[Excerpts from a dataset]
=====

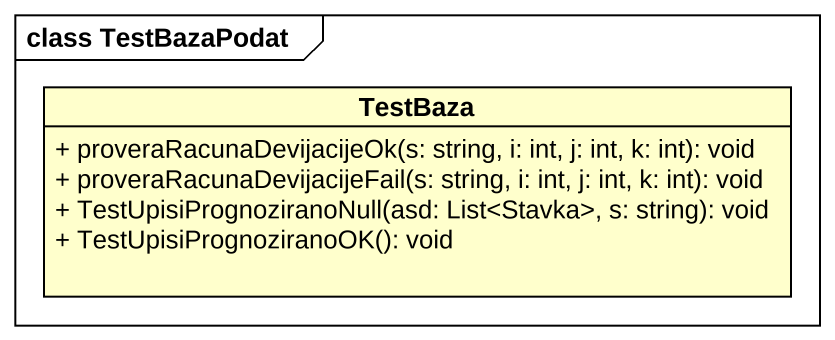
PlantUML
@startuml
mainframe class TestBazaPodat
hide circle
hide empty members
skinparam classAttributeIconSize 0
class TestBaza {
  + proveraRacunaDevijacijeOk(s: string, i: int, j: int, k: int): void
  + proveraRacunaDevijacijeFail(s: string, i: int, j: int, k: int): void
  + TestUpisiPrognoziranoNull(asd: List<Stavka>, s: string): void
  + TestUpisiPrognoziranoOK(): void
}
@enduml
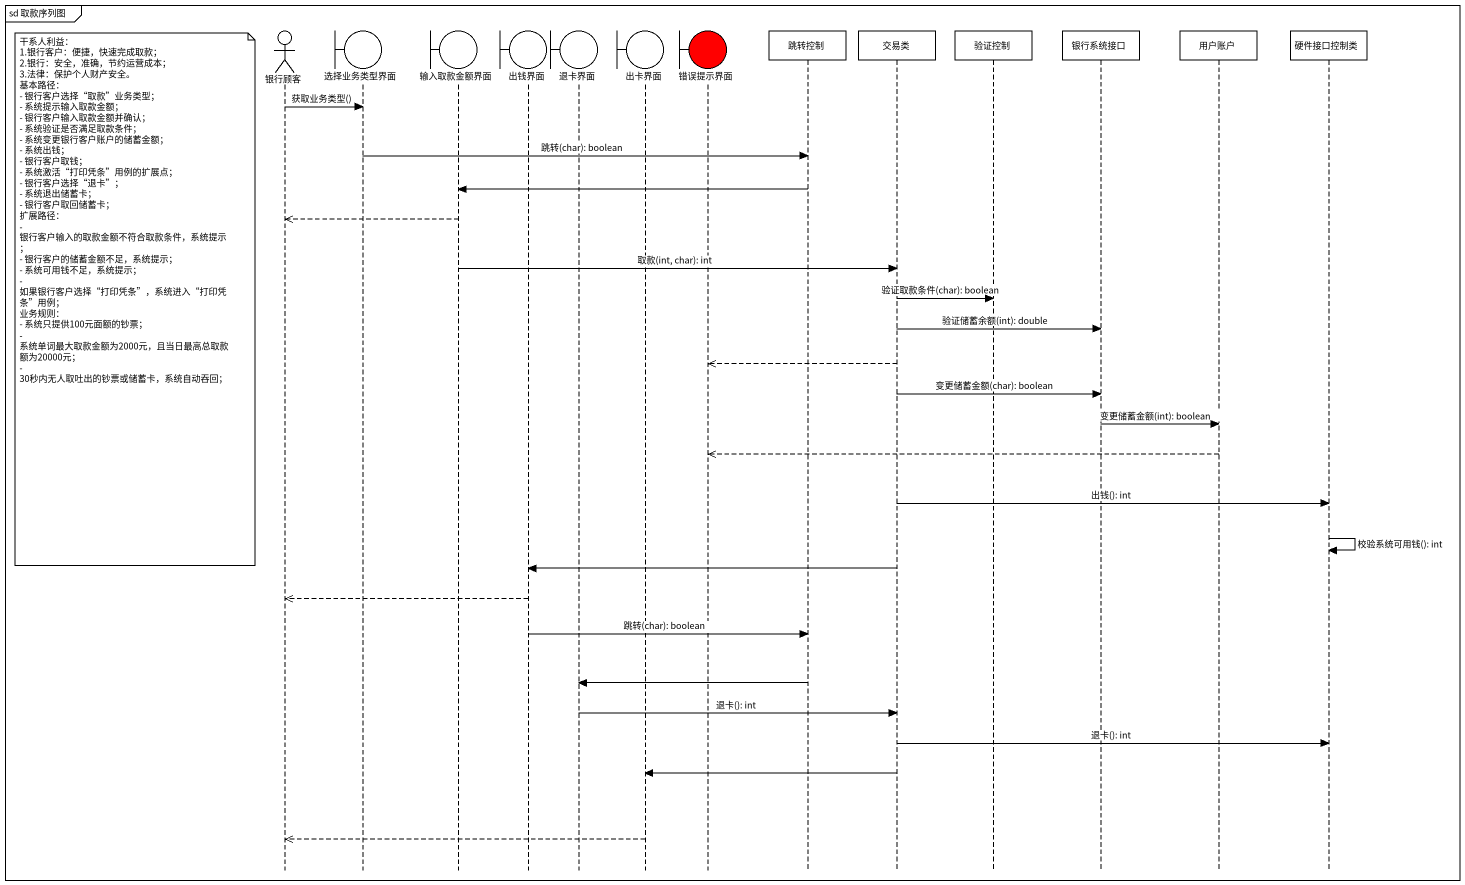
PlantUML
@startuml
mainframe sd 取款序列图
hide footbox
actor 银行顾客
boundary 选择业务类型界面
boundary 输入取款金额界面
boundary 出钱界面
boundary 退卡界面
boundary 出卡界面
boundary 错误提示界面 #FF0000
participant 跳转控制
participant 交易类
participant 验证控制
participant 银行系统接口
participant 用户账户
participant 硬件接口控制类

银行顾客 -> 选择业务类型界面 : 获取业务类型()
选择业务类型界面 -> 跳转控制 : 跳转(char): boolean
跳转控制 -> 输入取款金额界面
输入取款金额界面 -->> 银行顾客
输入取款金额界面 -> 交易类 : 取款(int, char): int
交易类 -> 验证控制 : 验证取款条件(char): boolean
note left of 银行顾客
  干系人利益：
  1.银行客户：便捷，快速完成取款；
  2.银行：安全，准确，节约运营成本；
  3.法律：保护个人财产安全。
  基本路径：
  - 银行客户选择“取款”业务类型；
  - 系统提示输入取款金额；
  - 银行客户输入取款金额并确认；
  - 系统验证是否满足取款条件；
  - 系统变更银行客户账户的储蓄金额；
  - 系统出钱；
  - 银行客户取钱；
  - 系统激活“打印凭条”用例的扩展点；
  - 银行客户选择“退卡”；
  - 系统退出储蓄卡；
  - 银行客户取回储蓄卡；
  扩展路径：
  - 银行客户输入的取款金额不符合取款条件，系统提示；
  - 银行客户的储蓄金额不足，系统提示；
  - 系统可用钱不足，系统提示；
  - 如果银行客户选择“打印凭条”，系统进入“打印凭条”用例；
  业务规则：
  - 系统只提供100元面额的钞票；
  - 系统单词最大取款金额为2000元，且当日最高总取款额为20000元；
  - 30秒内无人取吐出的钞票或储蓄卡，系统自动吞回；
end note
交易类 -> 银行系统接口 : 验证储蓄余额(int): double
交易类 -->> 错误提示界面
交易类 -> 银行系统接口 : 变更储蓄金额(char): boolean
银行系统接口 -> 用户账户 : 变更储蓄金额(int): boolean
用户账户 -->> 错误提示界面
交易类 -> 硬件接口控制类 : 出钱(): int
硬件接口控制类 -> 硬件接口控制类 : 校验系统可用钱(): int
交易类 -> 出钱界面
出钱界面 -->> 银行顾客
出钱界面 -> 跳转控制 : 跳转(char): boolean
跳转控制 -> 退卡界面
退卡界面 -> 交易类 : 退卡(): int
交易类 -> 硬件接口控制类 : 退卡(): int
交易类 -> 出卡界面
出卡界面 -->> 银行顾客
@enduml

=====

* **What you are asked to do**
Leave out every line before the one containing "participant 银行系统接口". Transcribe that line and all lines after it through the end of the data above, exactly.

* **Task response**
participant 银行系统接口
participant 用户账户
participant 硬件接口控制类

银行顾客 -> 选择业务类型界面 : 获取业务类型()
选择业务类型界面 -> 跳转控制 : 跳转(char): boolean
跳转控制 -> 输入取款金额界面
输入取款金额界面 -->> 银行顾客
输入取款金额界面 -> 交易类 : 取款(int, char): int
交易类 -> 验证控制 : 验证取款条件(char): boolean
note left of 银行顾客
  干系人利益：
  1.银行客户：便捷，快速完成取款；
  2.银行：安全，准确，节约运营成本；
  3.法律：保护个人财产安全。
  基本路径：
  - 银行客户选择“取款”业务类型；
  - 系统提示输入取款金额；
  - 银行客户输入取款金额并确认；
  - 系统验证是否满足取款条件；
  - 系统变更银行客户账户的储蓄金额；
  - 系统出钱；
  - 银行客户取钱；
  - 系统激活“打印凭条”用例的扩展点；
  - 银行客户选择“退卡”；
  - 系统退出储蓄卡；
  - 银行客户取回储蓄卡；
  扩展路径：
  - 银行客户输入的取款金额不符合取款条件，系统提示；
  - 银行客户的储蓄金额不足，系统提示；
  - 系统可用钱不足，系统提示；
  - 如果银行客户选择“打印凭条”，系统进入“打印凭条”用例；
  业务规则：
  - 系统只提供100元面额的钞票；
  - 系统单词最大取款金额为2000元，且当日最高总取款额为20000元；
  - 30秒内无人取吐出的钞票或储蓄卡，系统自动吞回；
end note
交易类 -> 银行系统接口 : 验证储蓄余额(int): double
交易类 -->> 错误提示界面
交易类 -> 银行系统接口 : 变更储蓄金额(char): boolean
银行系统接口 -> 用户账户 : 变更储蓄金额(int): boolean
用户账户 -->> 错误提示界面
交易类 -> 硬件接口控制类 : 出钱(): int
硬件接口控制类 -> 硬件接口控制类 : 校验系统可用钱(): int
交易类 -> 出钱界面
出钱界面 -->> 银行顾客
出钱界面 -> 跳转控制 : 跳转(char): boolean
跳转控制 -> 退卡界面
退卡界面 -> 交易类 : 退卡(): int
交易类 -> 硬件接口控制类 : 退卡(): int
交易类 -> 出卡界面
出卡界面 -->> 银行顾客
@enduml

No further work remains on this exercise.